Thanks for the clarification on the checkpoints! This helps a lot.

Back to overfitting, when testing the added performance using the synthetic data, the explained experiment doesn't show that unless you held the number of real and synthetic training samples constant. Otherwise, you cannot eliminate the performance improvement is due to simply adding more data regardless of the quality. Plus, in Table 5 in the paper, which dataset did you use to evaluate the performance? Was the accuracy computed on a single dataset and if so, which one?

In Table 5, we used the same 10x patches from TCGA BRCA for training the tumor classifier.
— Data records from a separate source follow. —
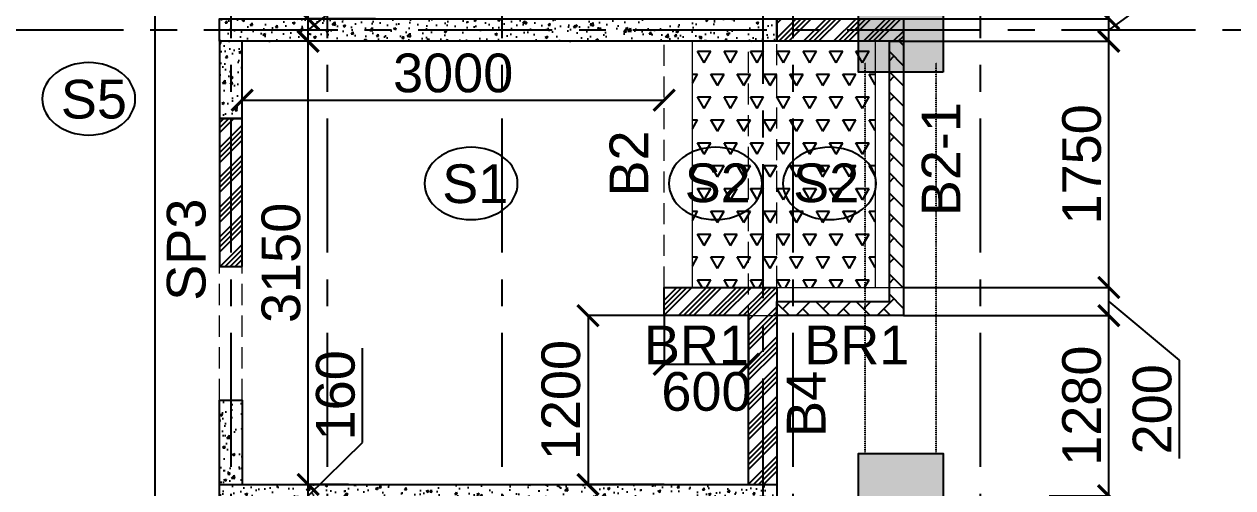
# Model space of a CAD drawing. Header units: inches. Extents: x -1898 to 127651, y -195120 to -109120.
# Drawn here: x 9979 to 18568, y -137314 to -134019 of the extents above; entities that cross this region are included whole.
import ezdxf

# ---------------------------------------------------------------- set-up
doc = ezdxf.new("R2010")
doc.units = ezdxf.units.IN
doc.header["$MEASUREMENT"] = 0
for name, pattern in [('CENTER', [50.8, 31.75, -6.35, 6.35, -6.35]), ('DASHED2', [9.525, 6.35, -3.175]), ('Hidden', [3, 2, -1])]:
    doc.linetypes.add(name, pattern=pattern)
for name, color, linetype in [('160 R.C. WALL HAT', 8, 'Continuous'), ('160 R.C.WALL', 6, 'Continuous'), ('AR-Column', 40, 'Continuous'), ('AR-Hidden', 251, 'DASHED2'), ('BAL. PARAPET WALL', 4, 'Continuous'), ('BEAM TEXT', 4, 'Continuous'), ('DIM', 251, 'Continuous'), ('GRID', 8, 'CENTER'), ('NON S.WALL HATCH', 8, 'Continuous'), ('NON STRUC R.C.WALL', 6, 'Continuous'), ('NON.STRUC.R.C.WALLS', 1, 'Continuous'), ('PARAPET WALL', 4, 'Continuous'), ('SPANRAL BEAM', 3, 'Continuous'), ('SUNKEN', 8, 'Continuous')]:
    doc.layers.add(name, color=color, linetype=linetype)
for name, color, linetype, lineweight in [('BEAMS', 3, 'Continuous', 0), ('SLAB CIR', 1, 'Continuous', 25), ('SLAB TXT', 3, 'Continuous', 0)]:
    doc.layers.add(name, color=color, linetype=linetype, lineweight=lineweight)
doc.styles.add('T200', font='sanss___.ttf', dxfattribs={"height": 275})
doc.styles.add('T300', font='sanss___.ttf', dxfattribs={"height": 350})
doc.dimstyles.new('T 200', dxfattribs={"dimtxt": 275, "dimasz": 150, "dimexe": 1, "dimexo": 0, "dimgap": 50, "dimtad": 1, "dimdec": 0, "dimrnd": 5, "dimdsep": 46, "dimtxsty": 'T200', "dimblk": 'ARCHTICK', "dimcen": 2.5, "dimdle": 1, "dimclrd": 5, "dimclre": 253, "dimclrt": 1, "dimadec": 0, "dimazin": 0, "dimtfac": 1, "dimtdec": 0, "dimtmove": 2, "dimatfit": 3, "dimfxl": 0, "dimarcsym": 0})
pattern_1 = [(45, (2346260.05, -240371.21), (-106.066017, 106.066017), []), (45, (2346295.4, -240371.21), (-106.066017, 106.066017), []), (45, (2346330.76, -240371.21), (-106.066017, 106.066017), []), (45, (2346366.12, -240371.21), (-106.066017, 106.066017), [])]
pattern_2 = [(50, (2184721.52, 112605.64), (179.315046, -15.688034), [18.75, -206.25]), (355, (2184721.52, 112605.64), (-34.687833, 188.048033), [15, -165]), (100.4514445, (2184736.47, 112604.33), (144.627212, 172.359998), [15.935048, -175.285528]), (46.1842, (2184721.52, 112655.64), (266.810333, -41.37982), [28.125, -309.375]), (96.635635, (2184743.76, 112652.2), (233.665486, 243.52965), [23.902586, -262.92844]), (351.184164, (2184721.52, 112655.64), (233.665486, 243.52965), [22.5, -247.5]), (21, (2184746.52, 112643.14), (149.226763, -100.654723), [18.75, -206.25]), (326, (2184746.52, 112643.14), (60.828833, 181.287511), [15, -165]), (71.451445, (2184758.96, 112634.75), (210.055594, 80.632788), [15.935047, -175.285528]), (37.5, (2184721.524, 112605.64), (3.0399638, 83.2234635), [0, -163, 0, -167.5, 0, -165.625]), (7.5, (2184721.52, 112605.64), (65.7673844, 98.602928), [0, -95.5, 0, -159.25, 0, -63.125]), (327.5, (2184665.774, 112605.64), (133.455609, -5.638718), [0, -62.5, 0, -195, 0, -258.75]), (317.5, (2184640.77, 112605.64), (145.7965423, 25.0262456), [0, -81.25, 0, -129.5, 0, -183.75])]

# ---------------------------------------------------------------- blocks, each defined once
blk = doc.blocks.new('_ARCHTICK')
at = {"color": 0, "linetype": 'ByBlock', "const_width": 0.15}
blk.add_lwpolyline([(-0.5, -0.5), (0.5, 0.5)], dxfattribs=at)
blk = doc.blocks.new('*D38')
at = {"layer": 'Defpoints', "color": 0}
for p in [(11996.5, -137290.2), (12284.3, -137290.2, 14.7), (11823.1, -137450.2, 14.7)]:
    blk.add_point(p, dxfattribs=at)
at = {"layer": 'DIM', "color": 5, "lineweight": -2}
for p, q in [((12383.7, -136992.4), (12383.7, -136320.2)), ((11996.5, -137370.2), (12383.7, -136992.4)), ((11996.5, -137451.2), (11996.5, -137289.2))]:
    blk.add_line(p, q, dxfattribs=at)
at = {"layer": 'DIM', "color": 253, "lineweight": -2}
for p, q in [((12284.3, -137290.2), (11995.5, -137290.2)), ((11823.1, -137450.2), (11997.5, -137450.2))]:
    blk.add_line(p, q, dxfattribs=at)
at = {"layer": 'DIM', "color": 5, "lineweight": -2, "xscale": 150, "yscale": 150, "zscale": 150}
for p, rotation in [((11996.5, -137290.2), 90), ((11996.5, -137450.2), 270)]:
    blk.add_blockref('_ARCHTICK', p, dxfattribs=dict(at, rotation=rotation))
at = {"layer": 'DIM', "color": 1, "insert": (12191.9, -136656.3), "char_height": 275, "attachment_point": 5, "rotation": 90, "style": 'T200'}
blk.add_mtext('160', dxfattribs=at)
blk = doc.blocks.new('*D39')
at = {"layer": 'Defpoints', "color": 0}
for p in [(11996.5, -134140.2), (12476.2, -134140.2, 14.7), (12284.3, -137290.2, 14.7)]:
    blk.add_point(p, dxfattribs=at)
at = {"layer": 'DIM', "color": 253, "lineweight": -2}
for p, q in [((12476.2, -134140.2), (11995.5, -134140.2)), ((12284.3, -137290.2), (11995.5, -137290.2))]:
    blk.add_line(p, q, dxfattribs=at)
at = {"layer": 'DIM', "color": 5, "lineweight": -2}
blk.add_line((11996.5, -137291.2), (11996.5, -134139.2), dxfattribs=at)
at = {"layer": 'DIM', "color": 5, "lineweight": -2, "xscale": 150, "yscale": 150, "zscale": 150}
for p, rotation in [((11996.5, -134140.2), 90), ((11996.5, -137290.2), 270)]:
    blk.add_blockref('_ARCHTICK', p, dxfattribs=dict(at, rotation=rotation))
at = {"layer": 'DIM', "color": 1, "insert": (11804.7, -135715.2), "char_height": 275, "attachment_point": 5, "rotation": 90, "style": 'T200'}
blk.add_mtext('3150', dxfattribs=at)
blk = doc.blocks.new('*D40')
at = {"layer": 'Defpoints', "color": 0}
for p in [(11996.5, -133980.2), (12476.2, -133980.2, 14.7), (12476.2, -134140.2, 14.7)]:
    blk.add_point(p, dxfattribs=at)
at = {"layer": 'DIM', "color": 5, "lineweight": -2}
for p, q in [((12472.7, -133672.1), (12472.7, -132999.9)), ((11996.5, -134060.2), (12472.7, -133672.1)), ((11996.5, -134141.2), (11996.5, -133979.2))]:
    blk.add_line(p, q, dxfattribs=at)
at = {"layer": 'DIM', "color": 253, "lineweight": -2}
for p, q in [((12476.2, -133980.2), (11995.5, -133980.2)), ((12476.2, -134140.2), (11995.5, -134140.2))]:
    blk.add_line(p, q, dxfattribs=at)
at = {"layer": 'DIM', "color": 5, "lineweight": -2, "xscale": 150, "yscale": 150, "zscale": 150}
for p, rotation in [((11996.5, -133980.2), 90), ((11996.5, -134140.2), 270)]:
    blk.add_blockref('_ARCHTICK', p, dxfattribs=dict(at, rotation=rotation))
at = {"layer": 'DIM', "color": 1, "insert": (12280.9, -133336), "char_height": 275, "attachment_point": 5, "rotation": 90, "style": 'T200'}
blk.add_mtext('160', dxfattribs=at)
blk = doc.blocks.new('*D41')
at = {"layer": 'Defpoints', "color": 0}
for p in [(11996.5, -130830.2), (12476.1, -130830.2, 14.7), (12476.2, -133980.2, 14.7)]:
    blk.add_point(p, dxfattribs=at)
at = {"layer": 'DIM', "color": 253, "lineweight": -2}
for p, q in [((12476.1, -130830.2), (11995.5, -130830.2)), ((12476.2, -133980.2), (11995.5, -133980.2))]:
    blk.add_line(p, q, dxfattribs=at)
at = {"layer": 'DIM', "color": 5, "lineweight": -2}
blk.add_line((11996.5, -133981.2), (11996.5, -130829.2), dxfattribs=at)
at = {"layer": 'DIM', "color": 5, "lineweight": -2, "xscale": 150, "yscale": 150, "zscale": 150}
for p, rotation in [((11996.5, -130830.2), 90), ((11996.5, -133980.2), 270)]:
    blk.add_blockref('_ARCHTICK', p, dxfattribs=dict(at, rotation=rotation))
at = {"layer": 'DIM', "color": 1, "insert": (11804.7, -132405.2), "char_height": 275, "attachment_point": 5, "rotation": 90, "style": 'T200'}
blk.add_mtext('3150', dxfattribs=at)
blk = doc.blocks.new('*D84')
at = {"layer": 'Defpoints', "color": 0}
for p in [(10908.7, -125150.2), (10983.2, -125150.2, 29.5), (11068.6, -139658.8, 14.7)]:
    blk.add_point(p, dxfattribs=at)
at = {"layer": 'DIM', "color": 253, "lineweight": -2}
for p, q in [((10983.2, -125150.2), (10907.7, -125150.2)), ((11068.6, -139658.8), (10907.7, -139658.8))]:
    blk.add_line(p, q, dxfattribs=at)
at = {"layer": 'DIM', "color": 5, "lineweight": -2}
blk.add_line((10908.7, -139659.8), (10908.7, -125149.2), dxfattribs=at)
at = {"layer": 'DIM', "color": 5, "lineweight": -2, "xscale": 150, "yscale": 150, "zscale": 150}
for p, rotation in [((10908.7, -125150.2), 90), ((10908.7, -139658.8), 270)]:
    blk.add_blockref('_ARCHTICK', p, dxfattribs=dict(at, rotation=rotation))
at = {"layer": 'DIM', "color": 1, "insert": (10717, -132404.5), "char_height": 275, "attachment_point": 5, "rotation": 90, "style": 'T200'}
blk.add_mtext('14510', dxfattribs=at)
blk = doc.blocks.new('*D124')
at = {"layer": 'Defpoints', "color": 0}
for p in [(17263.2, -137370.2, 14.7), (17685.9, -137370.2), (16227.4, -138650.2, 14.7)]:
    blk.add_point(p, dxfattribs=at)
at = {"layer": 'DIM', "color": 253, "lineweight": -2}
for p, q in [((17263.2, -137370.2), (17686.9, -137370.2)), ((16227.4, -138650.2), (17686.9, -138650.2))]:
    blk.add_line(p, q, dxfattribs=at)
at = {"layer": 'DIM', "color": 5, "lineweight": -2}
blk.add_line((17685.9, -138651.2), (17685.9, -137369.2), dxfattribs=at)
at = {"layer": 'DIM', "color": 5, "lineweight": -2, "xscale": 150, "yscale": 150, "zscale": 150}
for p, rotation in [((17685.9, -137370.2), 90), ((17685.9, -138650.2), 270)]:
    blk.add_blockref('_ARCHTICK', p, dxfattribs=dict(at, rotation=rotation))
at = {"layer": 'DIM', "color": 1, "insert": (17494.2, -138010.2), "char_height": 275, "attachment_point": 5, "rotation": 90, "style": 'T200'}
blk.add_mtext('1280', dxfattribs=at)
blk = doc.blocks.new('*D214')
at = {"layer": 'Defpoints', "color": 0}
for p in [(16227.4, -136090.2, 14.7), (17686.9, -136090.2), (17263.2, -137370.2)]:
    blk.add_point(p, dxfattribs=at)
at = {"layer": 'DIM', "color": 253, "lineweight": -2}
for p, q in [((16227.4, -136090.2), (17687.9, -136090.2)), ((17263.2, -137370.2), (17687.9, -137370.2))]:
    blk.add_line(p, q, dxfattribs=at)
at = {"layer": 'DIM', "color": 5, "lineweight": -2}
blk.add_line((17686.9, -137371.2), (17686.9, -136089.2), dxfattribs=at)
at = {"layer": 'DIM', "color": 5, "lineweight": -2, "xscale": 150, "yscale": 150, "zscale": 150}
for p, rotation in [((17686.9, -136090.2), 90), ((17686.9, -137370.2), 270)]:
    blk.add_blockref('_ARCHTICK', p, dxfattribs=dict(at, rotation=rotation))
at = {"layer": 'DIM', "color": 1, "insert": (17495.2, -136730.2), "char_height": 275, "attachment_point": 5, "rotation": 90, "style": 'T200'}
blk.add_mtext('1280', dxfattribs=at)
blk = doc.blocks.new('*D215')
at = {"layer": 'Defpoints', "color": 0}
for p in [(16227.4, -135890.2, 14.7), (17686.9, -135890.2), (16227.4, -136090.2, 14.7)]:
    blk.add_point(p, dxfattribs=at)
at = {"layer": 'DIM', "color": 253, "lineweight": -2}
for p, q in [((16227.4, -135890.2), (17687.9, -135890.2)), ((16227.4, -136090.2), (17687.9, -136090.2))]:
    blk.add_line(p, q, dxfattribs=at)
at = {"layer": 'DIM', "color": 5, "lineweight": -2}
for p, q in [((17686.9, -136091.2), (17686.9, -135889.2)), ((17686.9, -135990.2), (18187.8, -136406.7)), ((18187.8, -136406.7), (18187.8, -137104.9))]:
    blk.add_line(p, q, dxfattribs=at)
at = {"layer": 'DIM', "color": 5, "lineweight": -2, "xscale": 150, "yscale": 150, "zscale": 150}
for p, rotation in [((17686.9, -135890.2), 90), ((17686.9, -136090.2), 270)]:
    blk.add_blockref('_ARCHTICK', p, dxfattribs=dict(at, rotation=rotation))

To generate synthetic samples, we randomly pick a text report, append low / high tumor, and assign the corresponding label to the synthetic patch.
Since the text reports are at the WSI level, the type of downstream / augmentation tasks we can perform is limited.

But when doing the training did you hold the number of samples constant regardless of real or synthetic?
It's unclear whether this is an equitable comparison.

We used an equal number of real and synthetic samples. When mixing both, the training set is doubled. It's a common setup used in evaluating synthetic samples from diffusion models https://arxiv.org/pdf/2304.08466

Thanks so much for the information and all of the help!

As a brief followup, did you ever experiment with whether the FID metric is a good indicator of histology image quality?
Working through that right now as I'm unsure whether the inception model can capture histology features adequately.

It's not the best metric for histology images, but it's good enough to compare different models. In our follow up CVPR paper, we train diffusion models conditioned on SSL embeddings, and use multiple metrics such as CLIP FID, embedding similarity, etc.